Every line in the data below that includes "false" belongs in the answer, copied as it stands.

========================================================================

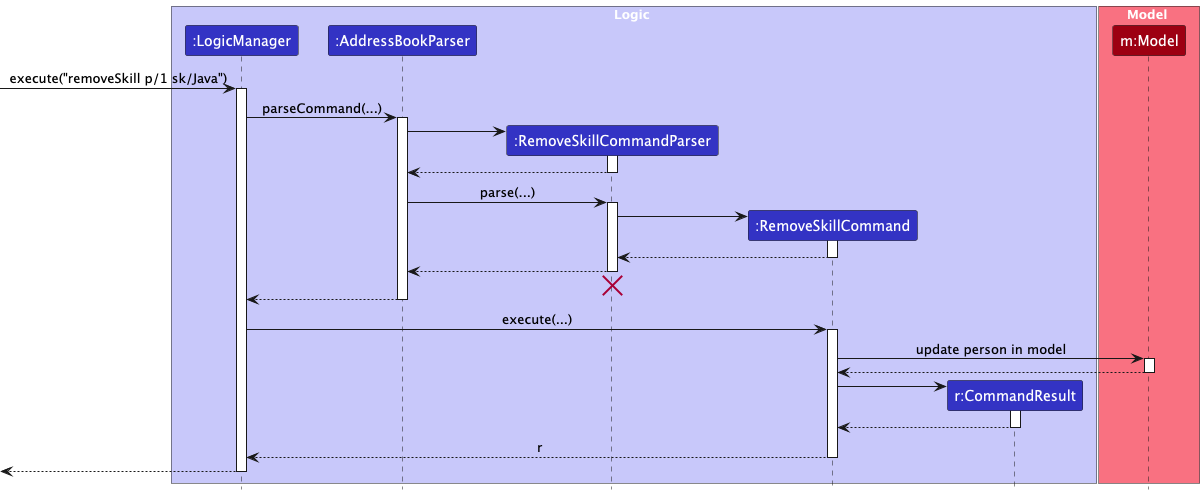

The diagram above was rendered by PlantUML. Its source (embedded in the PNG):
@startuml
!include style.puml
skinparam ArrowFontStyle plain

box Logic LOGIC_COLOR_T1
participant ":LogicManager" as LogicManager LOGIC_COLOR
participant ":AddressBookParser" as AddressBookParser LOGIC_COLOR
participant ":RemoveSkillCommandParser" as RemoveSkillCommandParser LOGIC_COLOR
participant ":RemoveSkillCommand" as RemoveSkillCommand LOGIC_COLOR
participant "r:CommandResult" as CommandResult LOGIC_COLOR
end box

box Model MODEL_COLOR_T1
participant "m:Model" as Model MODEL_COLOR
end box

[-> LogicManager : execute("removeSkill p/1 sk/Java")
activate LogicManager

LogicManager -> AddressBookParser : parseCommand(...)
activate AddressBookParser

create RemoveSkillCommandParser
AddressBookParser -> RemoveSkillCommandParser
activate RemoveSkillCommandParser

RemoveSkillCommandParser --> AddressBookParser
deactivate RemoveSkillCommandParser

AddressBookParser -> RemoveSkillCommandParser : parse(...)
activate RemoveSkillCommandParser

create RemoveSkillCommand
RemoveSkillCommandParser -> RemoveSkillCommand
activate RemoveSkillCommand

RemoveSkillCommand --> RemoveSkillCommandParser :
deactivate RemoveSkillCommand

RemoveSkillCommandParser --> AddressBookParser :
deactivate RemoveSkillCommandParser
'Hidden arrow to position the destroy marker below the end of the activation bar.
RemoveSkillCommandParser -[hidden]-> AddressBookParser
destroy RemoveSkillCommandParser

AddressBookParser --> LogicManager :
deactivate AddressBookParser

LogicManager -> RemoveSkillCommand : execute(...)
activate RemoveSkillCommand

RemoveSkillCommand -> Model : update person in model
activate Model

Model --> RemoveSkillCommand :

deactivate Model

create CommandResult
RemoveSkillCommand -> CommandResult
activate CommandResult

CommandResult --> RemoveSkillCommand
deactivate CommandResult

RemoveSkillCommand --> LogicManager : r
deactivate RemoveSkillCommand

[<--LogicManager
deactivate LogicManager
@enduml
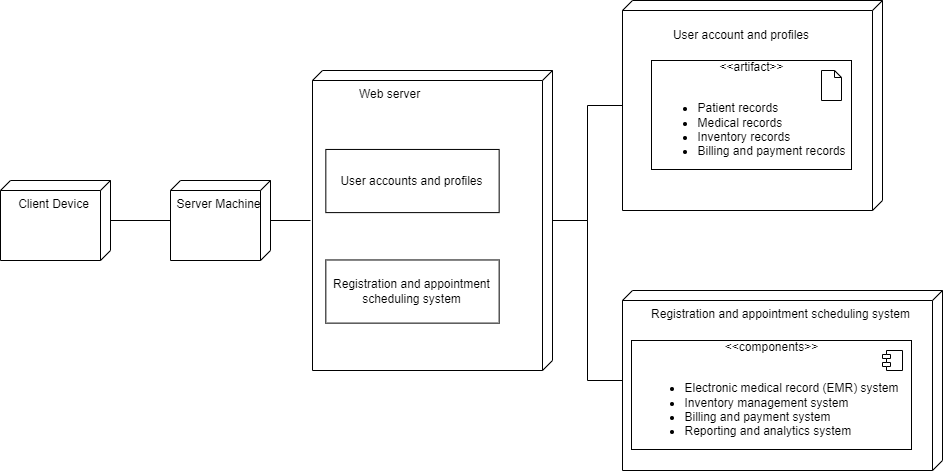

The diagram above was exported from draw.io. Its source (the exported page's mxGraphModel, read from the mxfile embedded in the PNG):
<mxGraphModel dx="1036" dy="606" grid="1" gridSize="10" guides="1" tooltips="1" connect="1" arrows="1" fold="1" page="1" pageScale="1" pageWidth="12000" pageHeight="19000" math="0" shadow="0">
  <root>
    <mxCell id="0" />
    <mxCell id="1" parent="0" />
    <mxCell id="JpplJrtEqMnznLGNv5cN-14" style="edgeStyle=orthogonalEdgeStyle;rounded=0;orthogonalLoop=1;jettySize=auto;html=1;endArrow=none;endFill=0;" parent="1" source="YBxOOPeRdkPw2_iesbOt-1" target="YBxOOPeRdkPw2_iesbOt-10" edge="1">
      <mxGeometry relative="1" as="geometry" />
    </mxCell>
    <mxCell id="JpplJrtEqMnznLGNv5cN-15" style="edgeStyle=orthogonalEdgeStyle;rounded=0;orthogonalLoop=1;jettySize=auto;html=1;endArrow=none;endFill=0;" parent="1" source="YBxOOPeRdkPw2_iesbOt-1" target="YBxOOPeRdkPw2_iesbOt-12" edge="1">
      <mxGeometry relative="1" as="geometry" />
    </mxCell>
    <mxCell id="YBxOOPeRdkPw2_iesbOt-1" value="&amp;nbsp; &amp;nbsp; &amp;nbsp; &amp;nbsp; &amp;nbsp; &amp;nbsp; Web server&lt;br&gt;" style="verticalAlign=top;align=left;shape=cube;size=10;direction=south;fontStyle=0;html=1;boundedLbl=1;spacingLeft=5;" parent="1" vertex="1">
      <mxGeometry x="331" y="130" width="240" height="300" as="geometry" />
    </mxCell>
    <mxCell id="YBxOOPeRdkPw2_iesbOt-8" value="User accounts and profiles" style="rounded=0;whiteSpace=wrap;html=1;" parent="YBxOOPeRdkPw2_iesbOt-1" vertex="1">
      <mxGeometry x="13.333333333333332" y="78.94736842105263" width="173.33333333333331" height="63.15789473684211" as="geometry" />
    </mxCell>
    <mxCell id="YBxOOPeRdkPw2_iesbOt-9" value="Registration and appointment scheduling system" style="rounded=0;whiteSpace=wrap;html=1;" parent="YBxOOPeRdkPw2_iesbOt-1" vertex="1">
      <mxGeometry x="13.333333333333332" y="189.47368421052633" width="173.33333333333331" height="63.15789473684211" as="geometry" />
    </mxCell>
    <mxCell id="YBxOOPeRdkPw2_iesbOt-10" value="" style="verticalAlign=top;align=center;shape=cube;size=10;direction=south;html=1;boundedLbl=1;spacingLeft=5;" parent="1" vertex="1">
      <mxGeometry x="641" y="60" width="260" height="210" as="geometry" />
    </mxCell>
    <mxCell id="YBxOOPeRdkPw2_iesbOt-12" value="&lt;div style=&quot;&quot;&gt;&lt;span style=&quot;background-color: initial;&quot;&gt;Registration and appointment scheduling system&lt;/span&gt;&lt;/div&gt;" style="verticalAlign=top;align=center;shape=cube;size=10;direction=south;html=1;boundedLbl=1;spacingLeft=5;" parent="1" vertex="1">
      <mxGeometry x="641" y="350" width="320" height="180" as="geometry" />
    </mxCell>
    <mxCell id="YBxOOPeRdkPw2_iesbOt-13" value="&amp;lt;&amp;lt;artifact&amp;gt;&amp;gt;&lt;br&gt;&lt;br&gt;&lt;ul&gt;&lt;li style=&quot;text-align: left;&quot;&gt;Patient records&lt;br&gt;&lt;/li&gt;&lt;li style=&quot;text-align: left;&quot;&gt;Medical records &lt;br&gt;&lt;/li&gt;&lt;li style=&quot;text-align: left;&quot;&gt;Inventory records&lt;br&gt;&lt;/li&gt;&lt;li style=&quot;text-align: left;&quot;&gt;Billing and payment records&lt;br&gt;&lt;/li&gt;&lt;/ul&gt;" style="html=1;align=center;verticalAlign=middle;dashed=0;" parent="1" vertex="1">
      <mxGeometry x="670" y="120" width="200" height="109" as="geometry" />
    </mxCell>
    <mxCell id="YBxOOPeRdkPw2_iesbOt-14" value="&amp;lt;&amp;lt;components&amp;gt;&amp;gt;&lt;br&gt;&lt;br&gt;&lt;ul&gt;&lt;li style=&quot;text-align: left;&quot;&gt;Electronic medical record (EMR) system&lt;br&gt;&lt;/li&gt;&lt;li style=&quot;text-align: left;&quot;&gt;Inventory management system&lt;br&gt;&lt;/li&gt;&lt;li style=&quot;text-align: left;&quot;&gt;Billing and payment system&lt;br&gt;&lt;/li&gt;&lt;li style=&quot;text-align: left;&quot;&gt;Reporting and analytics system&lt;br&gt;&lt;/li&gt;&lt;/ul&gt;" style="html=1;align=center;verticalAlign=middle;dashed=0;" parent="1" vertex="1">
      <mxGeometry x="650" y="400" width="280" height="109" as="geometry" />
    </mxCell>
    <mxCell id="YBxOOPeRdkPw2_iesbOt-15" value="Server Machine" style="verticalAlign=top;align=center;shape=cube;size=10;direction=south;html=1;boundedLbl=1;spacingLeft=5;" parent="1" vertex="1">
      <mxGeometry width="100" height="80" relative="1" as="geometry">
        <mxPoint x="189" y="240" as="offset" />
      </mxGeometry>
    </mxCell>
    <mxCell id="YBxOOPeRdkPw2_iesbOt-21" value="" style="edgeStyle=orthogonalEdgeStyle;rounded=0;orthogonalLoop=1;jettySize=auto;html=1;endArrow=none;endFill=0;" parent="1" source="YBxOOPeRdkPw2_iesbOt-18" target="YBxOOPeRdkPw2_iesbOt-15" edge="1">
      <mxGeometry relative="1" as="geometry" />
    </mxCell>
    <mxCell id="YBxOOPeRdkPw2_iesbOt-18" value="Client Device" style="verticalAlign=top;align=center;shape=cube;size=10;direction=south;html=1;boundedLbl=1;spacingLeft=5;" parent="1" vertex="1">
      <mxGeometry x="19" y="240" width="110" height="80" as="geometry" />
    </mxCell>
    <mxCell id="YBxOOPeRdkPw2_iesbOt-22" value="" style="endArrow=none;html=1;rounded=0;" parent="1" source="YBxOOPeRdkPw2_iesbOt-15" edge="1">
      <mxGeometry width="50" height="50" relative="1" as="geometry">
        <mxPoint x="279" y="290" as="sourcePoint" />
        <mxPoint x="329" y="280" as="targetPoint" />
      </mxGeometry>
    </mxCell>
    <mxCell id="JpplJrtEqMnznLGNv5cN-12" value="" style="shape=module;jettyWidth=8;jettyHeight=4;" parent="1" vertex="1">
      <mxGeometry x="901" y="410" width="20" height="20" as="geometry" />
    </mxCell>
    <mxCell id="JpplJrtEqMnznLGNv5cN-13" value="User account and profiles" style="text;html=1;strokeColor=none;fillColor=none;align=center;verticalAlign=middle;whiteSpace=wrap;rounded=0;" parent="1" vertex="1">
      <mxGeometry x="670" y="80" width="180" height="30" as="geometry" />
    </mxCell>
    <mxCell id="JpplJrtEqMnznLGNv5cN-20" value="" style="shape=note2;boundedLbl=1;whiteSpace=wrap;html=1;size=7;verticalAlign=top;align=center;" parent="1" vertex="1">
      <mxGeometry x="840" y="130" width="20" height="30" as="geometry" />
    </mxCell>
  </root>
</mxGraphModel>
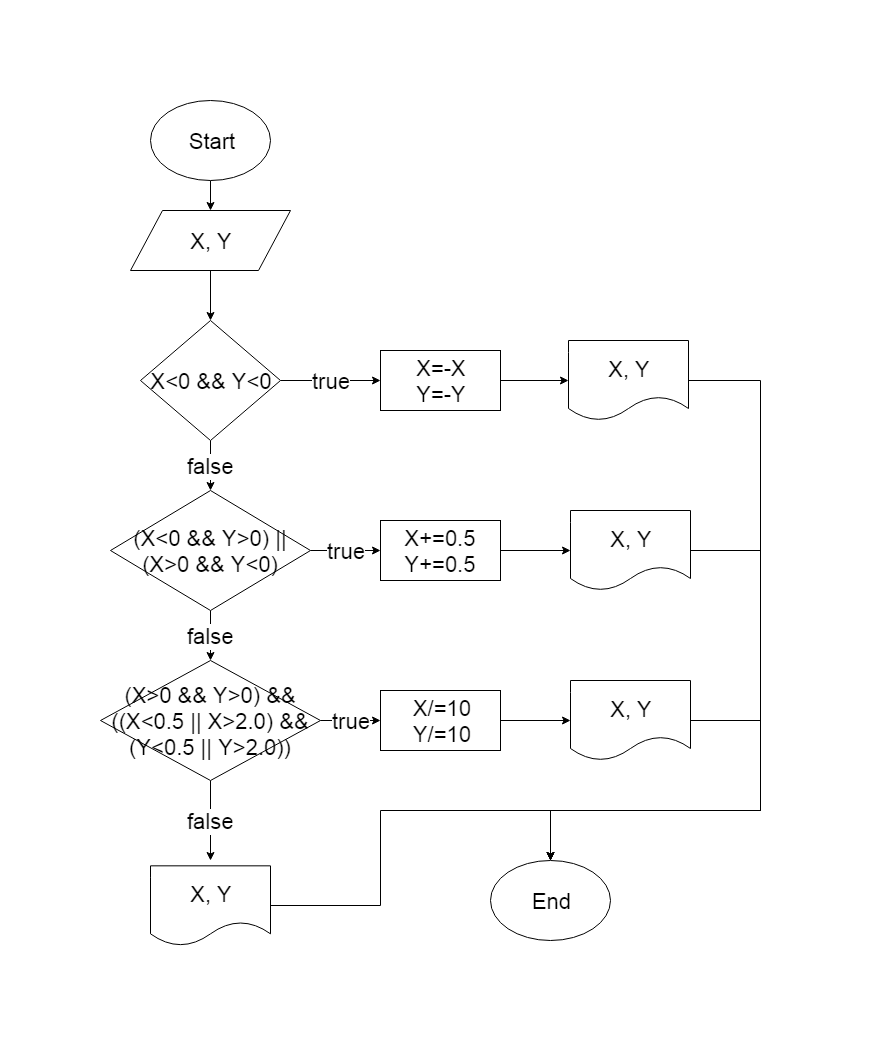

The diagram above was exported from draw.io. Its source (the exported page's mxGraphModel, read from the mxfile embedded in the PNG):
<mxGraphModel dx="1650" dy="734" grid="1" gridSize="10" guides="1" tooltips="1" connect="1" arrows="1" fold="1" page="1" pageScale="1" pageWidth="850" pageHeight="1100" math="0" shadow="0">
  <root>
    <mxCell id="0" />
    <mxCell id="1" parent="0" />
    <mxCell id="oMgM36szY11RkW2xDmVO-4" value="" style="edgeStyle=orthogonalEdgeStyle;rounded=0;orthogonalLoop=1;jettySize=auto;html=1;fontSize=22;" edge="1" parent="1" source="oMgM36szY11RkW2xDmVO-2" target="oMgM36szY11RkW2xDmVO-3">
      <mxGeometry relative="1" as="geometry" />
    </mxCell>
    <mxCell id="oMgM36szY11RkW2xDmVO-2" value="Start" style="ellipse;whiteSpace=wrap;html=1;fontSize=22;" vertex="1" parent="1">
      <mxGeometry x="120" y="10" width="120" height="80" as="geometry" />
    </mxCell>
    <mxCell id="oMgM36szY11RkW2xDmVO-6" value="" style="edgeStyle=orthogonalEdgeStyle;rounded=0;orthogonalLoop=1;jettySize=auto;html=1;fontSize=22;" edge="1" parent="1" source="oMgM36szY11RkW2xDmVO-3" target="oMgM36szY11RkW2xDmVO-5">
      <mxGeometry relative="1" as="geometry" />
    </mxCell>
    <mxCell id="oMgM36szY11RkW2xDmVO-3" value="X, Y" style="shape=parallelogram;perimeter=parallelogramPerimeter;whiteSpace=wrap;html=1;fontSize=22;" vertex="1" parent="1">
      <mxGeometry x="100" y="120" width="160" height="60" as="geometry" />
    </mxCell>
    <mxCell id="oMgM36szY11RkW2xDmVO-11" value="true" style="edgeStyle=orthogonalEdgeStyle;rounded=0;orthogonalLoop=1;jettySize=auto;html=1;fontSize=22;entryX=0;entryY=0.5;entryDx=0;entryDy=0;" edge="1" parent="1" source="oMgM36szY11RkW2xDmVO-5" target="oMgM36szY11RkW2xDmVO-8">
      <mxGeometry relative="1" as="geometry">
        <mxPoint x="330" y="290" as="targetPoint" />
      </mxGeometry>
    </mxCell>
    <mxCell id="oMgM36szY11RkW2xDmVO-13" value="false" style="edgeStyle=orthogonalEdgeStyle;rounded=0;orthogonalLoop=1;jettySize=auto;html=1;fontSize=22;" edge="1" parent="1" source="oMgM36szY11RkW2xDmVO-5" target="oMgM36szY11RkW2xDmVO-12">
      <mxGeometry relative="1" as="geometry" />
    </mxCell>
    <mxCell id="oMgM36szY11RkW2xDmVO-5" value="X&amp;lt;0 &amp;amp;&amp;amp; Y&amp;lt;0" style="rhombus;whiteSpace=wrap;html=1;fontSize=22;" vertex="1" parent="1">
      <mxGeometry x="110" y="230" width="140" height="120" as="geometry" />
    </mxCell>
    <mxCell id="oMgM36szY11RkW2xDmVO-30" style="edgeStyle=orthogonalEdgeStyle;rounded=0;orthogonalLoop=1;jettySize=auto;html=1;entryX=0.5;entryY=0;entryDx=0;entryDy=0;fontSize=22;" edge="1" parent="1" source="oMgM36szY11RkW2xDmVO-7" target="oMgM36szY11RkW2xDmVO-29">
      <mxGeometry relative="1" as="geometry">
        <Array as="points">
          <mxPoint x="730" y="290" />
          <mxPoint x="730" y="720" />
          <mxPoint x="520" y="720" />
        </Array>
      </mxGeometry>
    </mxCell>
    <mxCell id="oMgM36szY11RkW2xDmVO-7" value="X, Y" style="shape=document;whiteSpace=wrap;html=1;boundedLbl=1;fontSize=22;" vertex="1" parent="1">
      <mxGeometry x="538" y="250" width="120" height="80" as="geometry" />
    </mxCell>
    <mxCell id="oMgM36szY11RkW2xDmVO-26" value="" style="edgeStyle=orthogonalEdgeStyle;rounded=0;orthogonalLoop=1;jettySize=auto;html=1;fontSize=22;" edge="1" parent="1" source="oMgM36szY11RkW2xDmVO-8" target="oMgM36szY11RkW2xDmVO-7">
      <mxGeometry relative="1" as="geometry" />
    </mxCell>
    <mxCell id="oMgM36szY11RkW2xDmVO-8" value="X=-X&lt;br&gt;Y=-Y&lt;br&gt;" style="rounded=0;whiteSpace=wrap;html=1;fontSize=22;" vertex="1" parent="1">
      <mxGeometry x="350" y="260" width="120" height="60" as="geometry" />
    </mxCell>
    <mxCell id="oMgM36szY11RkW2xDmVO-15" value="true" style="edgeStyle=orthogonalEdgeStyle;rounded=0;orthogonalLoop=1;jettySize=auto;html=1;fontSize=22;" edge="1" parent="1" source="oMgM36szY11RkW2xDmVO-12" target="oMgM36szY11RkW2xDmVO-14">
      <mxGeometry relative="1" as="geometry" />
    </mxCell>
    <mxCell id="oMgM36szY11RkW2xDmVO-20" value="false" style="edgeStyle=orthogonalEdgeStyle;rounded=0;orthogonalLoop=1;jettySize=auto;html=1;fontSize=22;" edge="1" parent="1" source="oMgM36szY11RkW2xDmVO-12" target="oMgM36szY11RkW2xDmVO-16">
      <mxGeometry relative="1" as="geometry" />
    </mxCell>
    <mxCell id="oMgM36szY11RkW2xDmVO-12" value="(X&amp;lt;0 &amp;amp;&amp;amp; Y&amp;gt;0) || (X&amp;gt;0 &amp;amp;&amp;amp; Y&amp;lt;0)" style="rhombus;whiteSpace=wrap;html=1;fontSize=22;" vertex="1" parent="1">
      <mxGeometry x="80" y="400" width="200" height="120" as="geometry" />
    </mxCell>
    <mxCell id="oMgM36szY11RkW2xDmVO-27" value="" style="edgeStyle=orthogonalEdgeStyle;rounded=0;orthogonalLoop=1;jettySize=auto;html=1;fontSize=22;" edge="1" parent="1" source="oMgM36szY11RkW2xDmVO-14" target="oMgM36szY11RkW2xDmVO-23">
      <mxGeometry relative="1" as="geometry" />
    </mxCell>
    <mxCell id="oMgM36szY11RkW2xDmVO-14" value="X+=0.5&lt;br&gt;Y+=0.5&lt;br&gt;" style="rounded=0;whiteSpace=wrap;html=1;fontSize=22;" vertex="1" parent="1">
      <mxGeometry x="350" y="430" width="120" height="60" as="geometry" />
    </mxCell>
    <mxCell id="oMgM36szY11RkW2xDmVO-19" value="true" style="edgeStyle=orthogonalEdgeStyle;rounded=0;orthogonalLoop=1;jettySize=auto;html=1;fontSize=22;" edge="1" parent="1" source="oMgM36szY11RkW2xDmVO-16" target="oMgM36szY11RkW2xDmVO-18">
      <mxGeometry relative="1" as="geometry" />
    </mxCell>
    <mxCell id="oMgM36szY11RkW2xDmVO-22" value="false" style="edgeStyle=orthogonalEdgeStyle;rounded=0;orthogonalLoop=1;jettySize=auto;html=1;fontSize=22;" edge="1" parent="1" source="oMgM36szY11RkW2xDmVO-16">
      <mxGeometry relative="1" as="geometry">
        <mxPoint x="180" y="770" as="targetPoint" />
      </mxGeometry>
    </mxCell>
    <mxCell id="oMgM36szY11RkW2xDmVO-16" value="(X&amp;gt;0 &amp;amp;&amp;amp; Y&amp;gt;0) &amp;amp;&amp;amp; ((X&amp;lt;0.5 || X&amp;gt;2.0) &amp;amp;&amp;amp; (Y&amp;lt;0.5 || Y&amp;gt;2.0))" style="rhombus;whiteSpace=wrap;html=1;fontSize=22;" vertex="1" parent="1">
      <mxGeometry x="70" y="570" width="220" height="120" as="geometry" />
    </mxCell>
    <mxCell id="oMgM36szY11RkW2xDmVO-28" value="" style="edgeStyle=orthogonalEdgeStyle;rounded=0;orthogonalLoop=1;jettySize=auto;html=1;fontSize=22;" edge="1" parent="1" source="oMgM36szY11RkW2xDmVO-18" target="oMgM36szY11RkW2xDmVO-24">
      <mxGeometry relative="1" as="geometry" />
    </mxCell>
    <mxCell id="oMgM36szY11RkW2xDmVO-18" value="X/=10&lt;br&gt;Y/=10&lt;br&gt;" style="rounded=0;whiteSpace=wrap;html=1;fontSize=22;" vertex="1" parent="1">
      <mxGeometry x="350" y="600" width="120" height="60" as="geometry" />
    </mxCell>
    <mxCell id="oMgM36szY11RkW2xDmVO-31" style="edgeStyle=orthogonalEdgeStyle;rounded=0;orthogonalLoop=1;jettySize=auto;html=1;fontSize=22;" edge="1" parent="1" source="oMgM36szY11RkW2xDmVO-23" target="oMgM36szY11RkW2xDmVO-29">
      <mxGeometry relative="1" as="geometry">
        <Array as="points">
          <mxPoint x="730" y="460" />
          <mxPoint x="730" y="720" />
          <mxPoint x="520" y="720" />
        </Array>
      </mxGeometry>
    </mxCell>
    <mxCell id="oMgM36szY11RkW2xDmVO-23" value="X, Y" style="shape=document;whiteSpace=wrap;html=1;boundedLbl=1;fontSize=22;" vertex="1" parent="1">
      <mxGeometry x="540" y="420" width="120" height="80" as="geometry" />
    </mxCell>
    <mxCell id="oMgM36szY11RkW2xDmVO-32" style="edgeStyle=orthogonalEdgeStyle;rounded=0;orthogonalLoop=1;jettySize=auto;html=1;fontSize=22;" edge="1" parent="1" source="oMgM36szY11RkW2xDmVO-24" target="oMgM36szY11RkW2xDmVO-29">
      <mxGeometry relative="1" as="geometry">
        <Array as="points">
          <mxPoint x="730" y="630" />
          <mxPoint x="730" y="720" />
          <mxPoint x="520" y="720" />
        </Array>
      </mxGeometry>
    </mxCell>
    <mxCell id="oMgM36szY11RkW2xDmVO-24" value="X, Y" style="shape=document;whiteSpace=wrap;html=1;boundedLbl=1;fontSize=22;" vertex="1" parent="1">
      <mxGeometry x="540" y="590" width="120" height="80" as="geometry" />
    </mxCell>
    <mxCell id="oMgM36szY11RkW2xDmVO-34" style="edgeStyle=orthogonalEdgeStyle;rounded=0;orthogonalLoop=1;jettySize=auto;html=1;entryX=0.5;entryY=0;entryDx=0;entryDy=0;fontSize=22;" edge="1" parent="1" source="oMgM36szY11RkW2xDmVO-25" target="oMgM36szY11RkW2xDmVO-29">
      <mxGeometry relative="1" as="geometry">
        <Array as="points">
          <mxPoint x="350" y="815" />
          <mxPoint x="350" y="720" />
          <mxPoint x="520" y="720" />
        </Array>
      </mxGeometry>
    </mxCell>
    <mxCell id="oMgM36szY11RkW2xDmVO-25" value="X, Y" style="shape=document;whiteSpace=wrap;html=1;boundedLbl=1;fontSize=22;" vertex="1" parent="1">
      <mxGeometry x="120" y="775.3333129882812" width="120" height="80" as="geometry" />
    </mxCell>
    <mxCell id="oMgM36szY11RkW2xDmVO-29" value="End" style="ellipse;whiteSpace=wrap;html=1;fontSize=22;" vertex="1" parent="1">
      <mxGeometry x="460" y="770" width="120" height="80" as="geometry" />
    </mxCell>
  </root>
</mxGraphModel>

========================================================================

-- SOLUTION FOR THIS EXERCISE --
    <mxCell id="oMgM36szY11RkW2xDmVO-13" value="false" style="edgeStyle=orthogonalEdgeStyle;rounded=0;orthogonalLoop=1;jettySize=auto;html=1;fontSize=22;" edge="1" parent="1" source="oMgM36szY11RkW2xDmVO-5" target="oMgM36szY11RkW2xDmVO-12">
    <mxCell id="oMgM36szY11RkW2xDmVO-20" value="false" style="edgeStyle=orthogonalEdgeStyle;rounded=0;orthogonalLoop=1;jettySize=auto;html=1;fontSize=22;" edge="1" parent="1" source="oMgM36szY11RkW2xDmVO-12" target="oMgM36szY11RkW2xDmVO-16">
    <mxCell id="oMgM36szY11RkW2xDmVO-22" value="false" style="edgeStyle=orthogonalEdgeStyle;rounded=0;orthogonalLoop=1;jettySize=auto;html=1;fontSize=22;" edge="1" parent="1" source="oMgM36szY11RkW2xDmVO-16">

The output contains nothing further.